# Mirage SM-.5 recone question



## gilbypoleadamson (Feb 8, 2007)

I just found a pair of Mirage SM-.5's sitting on the curb near my house and Ive looked them over and they are generally pretty solid, both tweeters work, but they both need to be refoamed or reconed, whichever it is. My question is how easy is it to do that and also is it worth it for this pair of speakers. I have some Polk tower speakers and with these I could set up a good surround system.


----------



## recruit (May 9, 2009)

Hi gil, it would probably be easier to buy some new drive units for the speakers?


----------



## jackfish (Dec 27, 2006)

Replacement drivers can be expensive while a refoam is relatively cheap. I'd consult with companies who regularly deal with restoring speakers.
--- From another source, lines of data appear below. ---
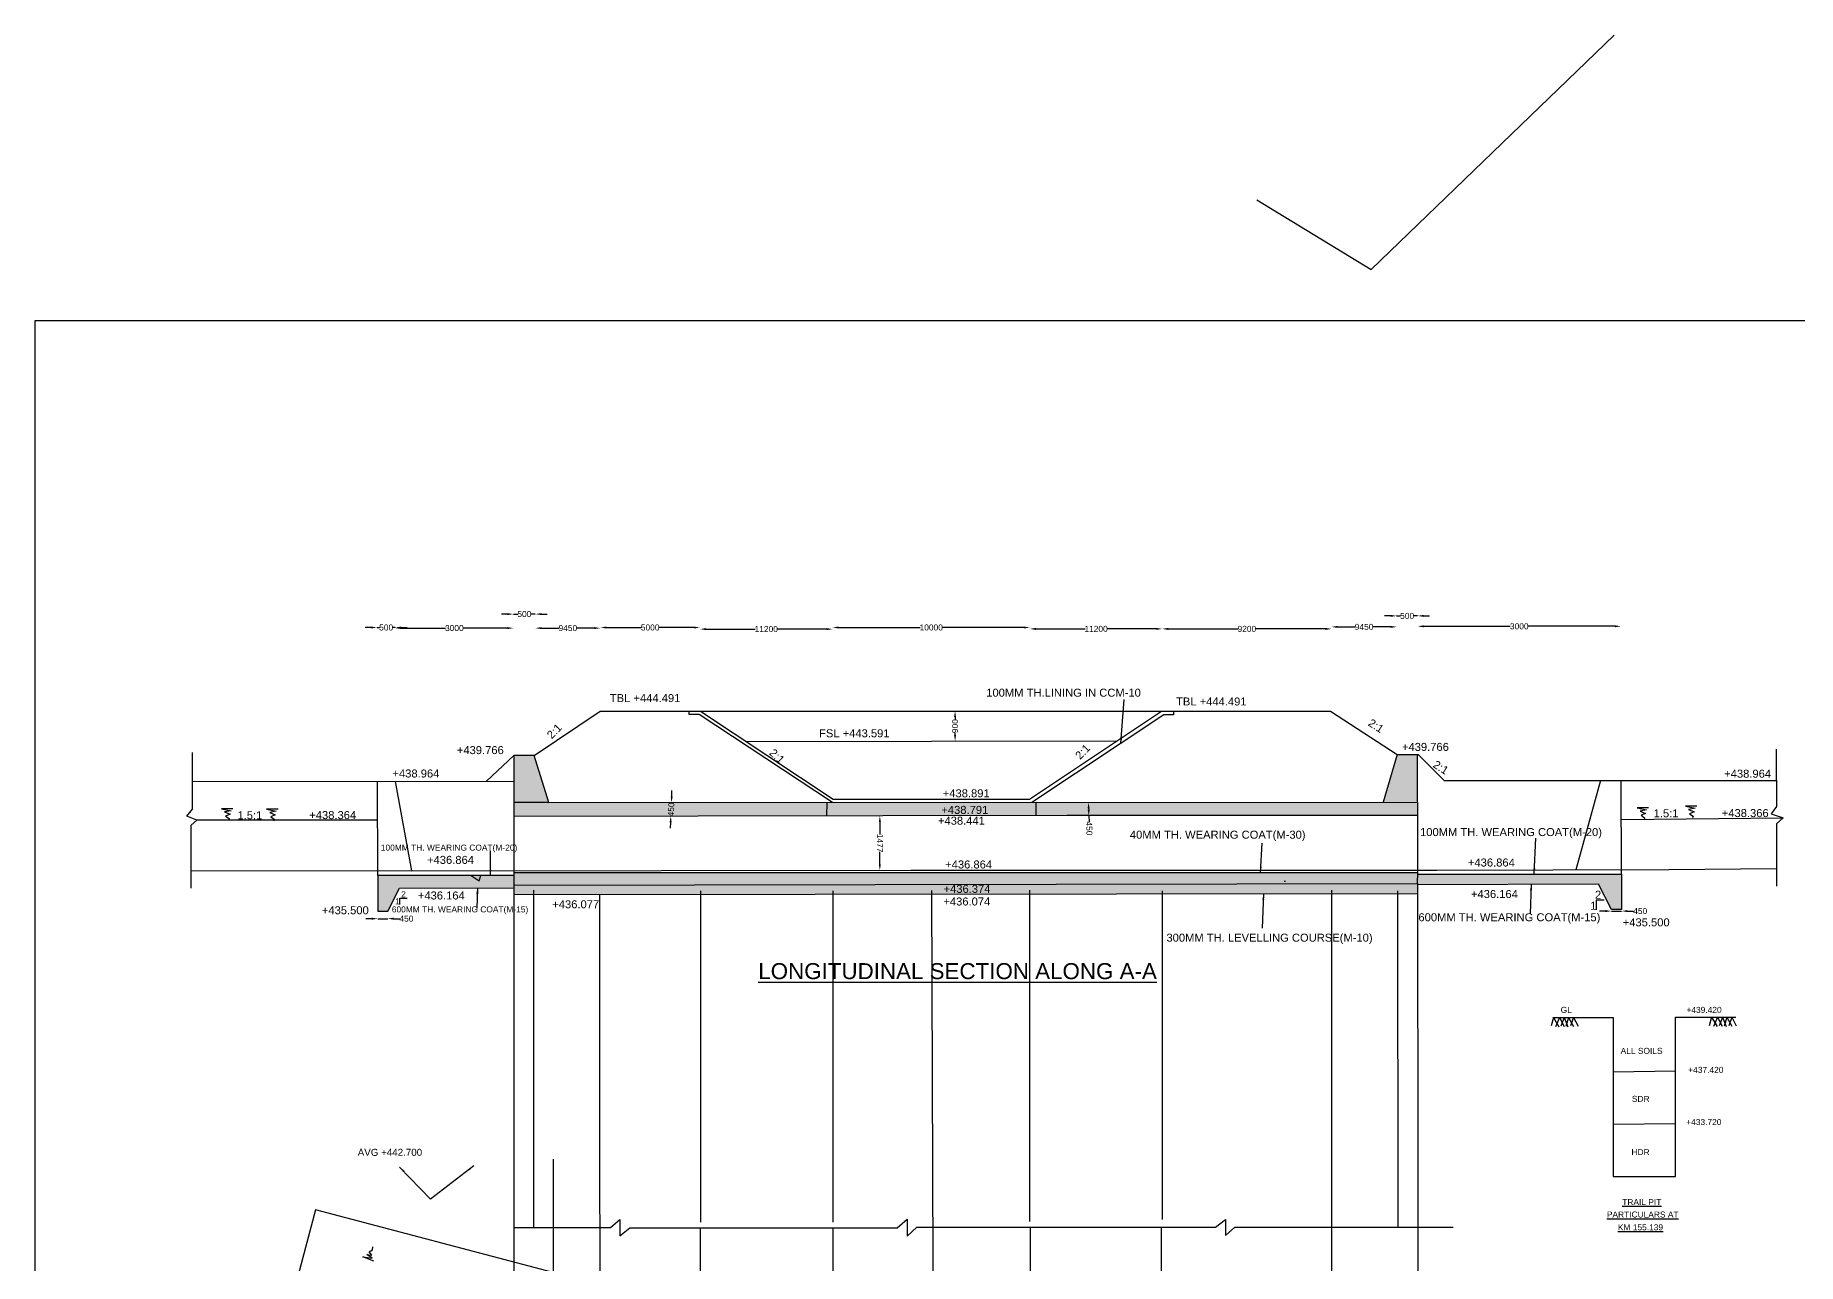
# Model space of a CAD drawing. Header units: millimetres. Extents: x 10160 to 155178, y -53 to 121906.
# Drawn here: x 10160 to 98284, y 60475 to 121906 of the extents above; entities that cross this region are included whole.
import ezdxf

# ---------------------------------------------------------------- set-up
doc = ezdxf.new("R2010")
doc.units = ezdxf.units.MM
for name, color, linetype in [('DIM', 7, 'Continuous'), ('DWG', 7, 'Continuous'), ('TEXT', 7, 'Continuous')]:
    doc.layers.add(name, color=color, linetype=linetype)
doc.styles.get("Standard").update_dxf_attribs({"font": 'arial.ttf'})
doc.dimstyles.new('ISO-25', dxfattribs={"dimtxt": 300, "dimasz": 300, "dimexe": 1.25, "dimexo": 0.625, "dimtad": 0, "dimdec": 0, "dimtxsty": 'Standard', "dimcen": 2.5, "dimse1": 1, "dimse2": 1, "dimadec": 0, "dimazin": 0, "dimtfac": 1, "dimtdec": 0, "dimtmove": 0, "dimatfit": 3, "dimfxl": 1, "dimarcsym": 0})

# ---------------------------------------------------------------- blocks, each defined once
blk = doc.blocks.new('*D1')
at = {"layer": 'Defpoints', "color": 0, "transparency": 16777216}
for p in [(27250, 92290), (27250, 92240), (28160, 92240)]:
    blk.add_point(p, dxfattribs=at)
at = {"layer": 'DIM', "color": 0, "lineweight": -2, "transparency": 16777216}
for p, q in [((26950, 92290), (26650, 92290)), ((27250, 92290), (27373, 92290)), ((28160, 92290), (28037, 92290)), ((28460, 92290), (28760, 92290))]:
    blk.add_line(p, q, dxfattribs=at)
at = {"layer": 'DIM', "color": 0, "transparency": 16777216}
for points in [[(26950, 92340), (26950, 92240), (27250, 92290)], [(28460, 92340), (28460, 92240), (28160, 92290)]]:
    blk.add_solid(points, dxfattribs=at)
at = {"layer": 'DIM', "color": 0, "transparency": 16777216, "insert": (27705, 92290), "char_height": 300, "attachment_point": 5}
blk.add_mtext('500', dxfattribs=at)
blk = doc.blocks.new('*D2')
at = {"layer": 'Defpoints', "color": 0, "transparency": 16777216}
for p in [(28160, 92290), (34070, 92290), (34070, 92260)]:
    blk.add_point(p, dxfattribs=at)
at = {"layer": 'DIM', "color": 0, "lineweight": -2, "transparency": 16777216}
for p, q in [((28460, 92260), (30667, 92260)), ((33770, 92260), (31563, 92260))]:
    blk.add_line(p, q, dxfattribs=at)
at = {"layer": 'DIM', "color": 0, "transparency": 16777216}
for points in [[(28460, 92310), (28460, 92210), (28160, 92260)], [(33770, 92310), (33770, 92210), (34070, 92260)]]:
    blk.add_solid(points, dxfattribs=at)
at = {"layer": 'DIM', "color": 0, "transparency": 16777216, "insert": (31115, 92260), "char_height": 300, "attachment_point": 5}
blk.add_mtext('3000', dxfattribs=at)
blk = doc.blocks.new('*D3')
at = {"layer": 'Defpoints', "color": 0, "transparency": 16777216}
for p in [(35160, 92960), (34070, 92260), (35160, 92260)]:
    blk.add_point(p, dxfattribs=at)
at = {"layer": 'DIM', "color": 0, "lineweight": -2, "transparency": 16777216}
for p, q in [((33770, 92960), (33470, 92960)), ((34070, 92960), (34283, 92960)), ((35160, 92960), (34947, 92960)), ((35460, 92960), (35760, 92960))]:
    blk.add_line(p, q, dxfattribs=at)
at = {"layer": 'DIM', "color": 0, "transparency": 16777216}
for points in [[(33770, 93010), (33770, 92910), (34070, 92960)], [(35460, 93010), (35460, 92910), (35160, 92960)]]:
    blk.add_solid(points, dxfattribs=at)
at = {"layer": 'DIM', "color": 0, "transparency": 16777216, "insert": (34615, 92960), "char_height": 300, "attachment_point": 5}
blk.add_mtext('500', dxfattribs=at)
blk = doc.blocks.new('*D4')
at = {"layer": 'Defpoints', "color": 0, "transparency": 16777216}
for p in [(35160, 92260), (38420, 92260), (38420, 92260)]:
    blk.add_point(p, dxfattribs=at)
at = {"layer": 'DIM', "color": 0, "lineweight": -2, "transparency": 16777216}
for p, q in [((35460, 92260), (36342, 92260)), ((38120, 92260), (37238, 92260))]:
    blk.add_line(p, q, dxfattribs=at)
at = {"layer": 'DIM', "color": 0, "transparency": 16777216}
for points in [[(35460, 92310), (35460, 92210), (35160, 92260)], [(38120, 92310), (38120, 92210), (38420, 92260)]]:
    blk.add_solid(points, dxfattribs=at)
at = {"layer": 'DIM', "color": 0, "transparency": 16777216, "insert": (36790, 92260), "char_height": 300, "attachment_point": 5}
blk.add_mtext('9450', dxfattribs=at)
blk = doc.blocks.new('*D5')
at = {"layer": 'Defpoints', "color": 0, "transparency": 16777216}
for p in [(38420, 92260), (43390, 92290), (43390, 92260)]:
    blk.add_point(p, dxfattribs=at)
at = {"layer": 'DIM', "color": 0, "lineweight": -2, "transparency": 16777216}
for p, q in [((38720, 92290), (40457, 92290)), ((43090, 92290), (41353, 92290))]:
    blk.add_line(p, q, dxfattribs=at)
at = {"layer": 'DIM', "color": 0, "transparency": 16777216}
for points in [[(38720, 92340), (38720, 92240), (38420, 92290)], [(43090, 92340), (43090, 92240), (43390, 92290)]]:
    blk.add_solid(points, dxfattribs=at)
at = {"layer": 'DIM', "color": 0, "transparency": 16777216, "insert": (40905, 92290), "char_height": 300, "attachment_point": 5}
blk.add_mtext('5000', dxfattribs=at)
blk = doc.blocks.new('*D6')
at = {"layer": 'Defpoints', "color": 0, "transparency": 16777216}
for p in [(43390, 92290), (50030, 92290), (50030, 92210)]:
    blk.add_point(p, dxfattribs=at)
at = {"layer": 'DIM', "color": 0, "lineweight": -2, "transparency": 16777216}
for p, q in [((43690, 92210), (46160, 92210)), ((49730, 92210), (47260, 92210))]:
    blk.add_line(p, q, dxfattribs=at)
at = {"layer": 'DIM', "color": 0, "transparency": 16777216}
for points in [[(43690, 92260), (43690, 92160), (43390, 92210)], [(49730, 92260), (49730, 92160), (50030, 92210)]]:
    blk.add_solid(points, dxfattribs=at)
at = {"layer": 'DIM', "color": 0, "transparency": 16777216, "insert": (46710, 92210), "char_height": 300, "attachment_point": 5}
blk.add_mtext('11200', dxfattribs=at)
blk = doc.blocks.new('*D7')
at = {"layer": 'Defpoints', "color": 0, "transparency": 16777216}
for p in [(50030, 92210), (59890, 92290), (59890, 92210)]:
    blk.add_point(p, dxfattribs=at)
at = {"layer": 'DIM', "color": 0, "lineweight": -2, "transparency": 16777216}
for p, q in [((50330, 92290), (54410, 92290)), ((59590, 92290), (55510, 92290))]:
    blk.add_line(p, q, dxfattribs=at)
at = {"layer": 'DIM', "color": 0, "transparency": 16777216}
for points in [[(50330, 92340), (50330, 92240), (50030, 92290)], [(59590, 92340), (59590, 92240), (59890, 92290)]]:
    blk.add_solid(points, dxfattribs=at)
at = {"layer": 'DIM', "color": 0, "transparency": 16777216, "insert": (54960, 92290), "char_height": 300, "attachment_point": 5}
blk.add_mtext('10000', dxfattribs=at)
blk = doc.blocks.new('*D8')
at = {"layer": 'Defpoints', "color": 0, "transparency": 16777216}
for p in [(59890, 92290), (66510, 92290), (66510, 92220)]:
    blk.add_point(p, dxfattribs=at)
at = {"layer": 'DIM', "color": 0, "lineweight": -2, "transparency": 16777216}
for p, q in [((60190, 92220), (62650, 92220)), ((66210, 92220), (63750, 92220))]:
    blk.add_line(p, q, dxfattribs=at)
at = {"layer": 'DIM', "color": 0, "transparency": 16777216}
for points in [[(60190, 92270), (60190, 92170), (59890, 92220)], [(66210, 92270), (66210, 92170), (66510, 92220)]]:
    blk.add_solid(points, dxfattribs=at)
at = {"layer": 'DIM', "color": 0, "transparency": 16777216, "insert": (63200, 92220), "char_height": 300, "attachment_point": 5}
blk.add_mtext('11200', dxfattribs=at)
blk = doc.blocks.new('*D9')
at = {"layer": 'Defpoints', "color": 0, "transparency": 16777216}
for p in [(66510, 92220), (74970, 92220), (74970, 92220)]:
    blk.add_point(p, dxfattribs=at)
at = {"layer": 'DIM', "color": 0, "lineweight": -2, "transparency": 16777216}
for p, q in [((66810, 92220), (70292, 92220)), ((74670, 92220), (71188, 92220))]:
    blk.add_line(p, q, dxfattribs=at)
at = {"layer": 'DIM', "color": 0, "transparency": 16777216}
for points in [[(66810, 92270), (66810, 92170), (66510, 92220)], [(74670, 92270), (74670, 92170), (74970, 92220)]]:
    blk.add_solid(points, dxfattribs=at)
at = {"layer": 'DIM', "color": 0, "transparency": 16777216, "insert": (70740, 92220), "char_height": 300, "attachment_point": 5}
blk.add_mtext('9200', dxfattribs=at)
blk = doc.blocks.new('*D10')
at = {"layer": 'Defpoints', "color": 0, "transparency": 16777216}
for p in [(74970, 92220), (78230, 92320), (78230, 92220)]:
    blk.add_point(p, dxfattribs=at)
at = {"layer": 'DIM', "color": 0, "lineweight": -2, "transparency": 16777216}
for p, q in [((75270, 92320), (76152, 92320)), ((77930, 92320), (77048, 92320))]:
    blk.add_line(p, q, dxfattribs=at)
at = {"layer": 'DIM', "color": 0, "transparency": 16777216}
for points in [[(75270, 92370), (75270, 92270), (74970, 92320)], [(77930, 92370), (77930, 92270), (78230, 92320)]]:
    blk.add_solid(points, dxfattribs=at)
at = {"layer": 'DIM', "color": 0, "transparency": 16777216, "insert": (76600, 92320), "char_height": 300, "attachment_point": 5}
blk.add_mtext('9450', dxfattribs=at)
blk = doc.blocks.new('*D11')
at = {"layer": 'Defpoints', "color": 0, "transparency": 16777216}
for p in [(79280, 92870), (78230, 92320), (79280, 92320)]:
    blk.add_point(p, dxfattribs=at)
at = {"layer": 'DIM', "color": 0, "lineweight": -2, "transparency": 16777216}
for p, q in [((77930, 92870), (77630, 92870)), ((78230, 92870), (78423, 92870)), ((79280, 92870), (79087, 92870)), ((79580, 92870), (79880, 92870))]:
    blk.add_line(p, q, dxfattribs=at)
at = {"layer": 'DIM', "color": 0, "transparency": 16777216}
for points in [[(77930, 92920), (77930, 92820), (78230, 92870)], [(79580, 92920), (79580, 92820), (79280, 92870)]]:
    blk.add_solid(points, dxfattribs=at)
at = {"layer": 'DIM', "color": 0, "transparency": 16777216, "insert": (78755, 92870), "char_height": 300, "attachment_point": 5}
blk.add_mtext('500', dxfattribs=at)
blk = doc.blocks.new('*D12')
at = {"layer": 'Defpoints', "color": 0, "transparency": 16777216}
for p in [(79280, 92320), (89440, 92350), (89440, 92320)]:
    blk.add_point(p, dxfattribs=at)
at = {"layer": 'DIM', "color": 0, "lineweight": -2, "transparency": 16777216}
for p, q in [((79580, 92350), (83912, 92350)), ((89140, 92350), (84808, 92350))]:
    blk.add_line(p, q, dxfattribs=at)
at = {"layer": 'DIM', "color": 0, "transparency": 16777216}
for points in [[(79580, 92400), (79580, 92300), (79280, 92350)], [(89140, 92400), (89140, 92300), (89440, 92350)]]:
    blk.add_solid(points, dxfattribs=at)
at = {"layer": 'DIM', "color": 0, "transparency": 16777216, "insert": (84360, 92350), "char_height": 300, "attachment_point": 5}
blk.add_mtext('3000', dxfattribs=at)
blk = doc.blocks.new('*D13')
at = {"layer": 'Defpoints', "color": 0, "transparency": 16777216}
for p in [(88970, 78190), (89470, 78190), (89470, 78110)]:
    blk.add_point(p, dxfattribs=at)
at = {"layer": 'DIM', "color": 0, "lineweight": -2, "transparency": 16777216}
for p, q in [((88670, 78110), (88370, 78110)), ((88970, 78110), (89470, 78110)), ((89770, 78110), (90070, 78110))]:
    blk.add_line(p, q, dxfattribs=at)
at = {"layer": 'DIM', "color": 0, "transparency": 16777216}
for points in [[(88670, 78160), (88670, 78060), (88970, 78110)], [(89770, 78160), (89770, 78060), (89470, 78110)]]:
    blk.add_solid(points, dxfattribs=at)
at = {"layer": 'DIM', "color": 0, "transparency": 16777216, "insert": (90408, 78110), "char_height": 300, "attachment_point": 5}
blk.add_mtext('450', dxfattribs=at)
blk = doc.blocks.new('*D14')
at = {"layer": 'Defpoints', "color": 0, "transparency": 16777216}
for p in [(62840, 82879), (62940, 83550), (62960, 82883)]:
    blk.add_point(p, dxfattribs=at)
at = {"layer": 'DIM', "color": 0, "lineweight": -2, "transparency": 16777216}
for p, q in [((62829, 83246), (62831, 83179)), ((62840, 82879), (62849, 82579))]:
    blk.add_line(p, q, dxfattribs=at)
at = {"layer": 'DIM', "color": 0, "transparency": 16777216}
for points in [[(62879, 83248), (62779, 83245), (62820, 83546)], [(62881, 83181), (62781, 83178), (62840, 82879)]]:
    blk.add_solid(points, dxfattribs=at)
at = {"layer": 'DIM', "color": 0, "transparency": 16777216, "insert": (62859, 82242), "char_height": 300, "attachment_point": 5, "rotation": 271.71681}
blk.add_mtext('450', dxfattribs=at)
blk = doc.blocks.new('*D15')
at = {"layer": 'Defpoints', "color": 0, "transparency": 16777216}
for p in [(52230, 82870), (52230, 80149), (52390, 80149)]:
    blk.add_point(p, dxfattribs=at)
at = {"layer": 'DIM', "color": 0, "lineweight": -2, "transparency": 16777216}
for p, q in [((52390, 82570), (52390, 81944)), ((52390, 80449), (52390, 81075))]:
    blk.add_line(p, q, dxfattribs=at)
at = {"layer": 'DIM', "color": 0, "transparency": 16777216}
for points in [[(52440, 82570), (52340, 82570), (52390, 82870)], [(52440, 80449), (52340, 80449), (52390, 80149)]]:
    blk.add_solid(points, dxfattribs=at)
at = {"layer": 'DIM', "color": 0, "transparency": 16777216, "insert": (52390, 81510), "char_height": 300, "attachment_point": 5, "rotation": 270.00279}
blk.add_mtext('1477', dxfattribs=at)
blk = doc.blocks.new('*D16')
at = {"layer": 'Defpoints', "color": 0, "transparency": 16777216}
for p in [(41870, 82857), (41900, 83536), (41940, 82854)]:
    blk.add_point(p, dxfattribs=at)
at = {"layer": 'DIM', "color": 0, "lineweight": -2, "transparency": 16777216}
for p, q in [((41983, 83833), (41996, 84132)), ((41940, 82854), (41940, 82856)), ((41970, 83533), (41970, 83531)), ((41927, 82554), (41913, 82254))]:
    blk.add_line(p, q, dxfattribs=at)
at = {"layer": 'DIM', "color": 0, "transparency": 16777216}
for points in [[(41933, 83835), (42033, 83831), (41970, 83533)], [(41877, 82556), (41977, 82552), (41940, 82854)]]:
    blk.add_solid(points, dxfattribs=at)
at = {"layer": 'DIM', "color": 0, "transparency": 16777216, "insert": (41955, 83193), "char_height": 300, "attachment_point": 5, "rotation": 87.47375}
blk.add_mtext('450', dxfattribs=at)
blk = doc.blocks.new('*D17')
at = {"layer": 'Defpoints', "color": 0, "transparency": 16777216}
for p in [(27289, 78112), (27782, 78112), (27782, 77730)]:
    blk.add_point(p, dxfattribs=at)
at = {"layer": 'DIM', "color": 0, "lineweight": -2, "transparency": 16777216}
for p, q in [((26989, 77730), (26689, 77730)), ((27289, 77730), (27782, 77730)), ((28082, 77730), (28382, 77730))]:
    blk.add_line(p, q, dxfattribs=at)
at = {"layer": 'DIM', "color": 0, "transparency": 16777216}
for points in [[(26989, 77780), (26989, 77680), (27289, 77730)], [(28082, 77780), (28082, 77680), (27782, 77730)]]:
    blk.add_solid(points, dxfattribs=at)
at = {"layer": 'DIM', "color": 0, "transparency": 16777216, "insert": (28719, 77730), "char_height": 300, "attachment_point": 5}
blk.add_mtext('450', dxfattribs=at)
blk = doc.blocks.new('*D84')
at = {"layer": 'Defpoints', "color": 0, "transparency": 16777216}
for p in [(56150, 88109), (56280, 88109), (56280, 86607)]:
    blk.add_point(p, dxfattribs=at)
at = {"layer": 'DIM', "color": 0, "lineweight": -2, "transparency": 16777216}
for p, q in [((56150, 87809), (56150, 87690)), ((56150, 86907), (56150, 87026))]:
    blk.add_line(p, q, dxfattribs=at)
at = {"layer": 'DIM', "color": 0, "transparency": 16777216}
for points in [[(56100, 87809), (56200, 87809), (56150, 88109)], [(56100, 86907), (56200, 86907), (56150, 86607)]]:
    blk.add_solid(points, dxfattribs=at)
at = {"layer": 'DIM', "color": 0, "transparency": 16777216, "insert": (56150, 87358), "char_height": 300, "attachment_point": 5, "rotation": 89.9946}
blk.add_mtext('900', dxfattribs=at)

Simply Speakers, Carl's Custom Loudspeakers, Speaker Restoration, GeoAli, etc.


----------



## lcaillo (May 2, 2006)

Orange County Speaker and The Speaker Exchange are other good contacts. They rebuild or can sell you parts. Refoaming is a little tricky if you never did it before. It can be done if you are good with mechnaical repairs. Check the prices for rebuilding as well as the parts. Small drivers like this are not as expensive to ship as larger ones, and are actually harder to repair, IMO.


----------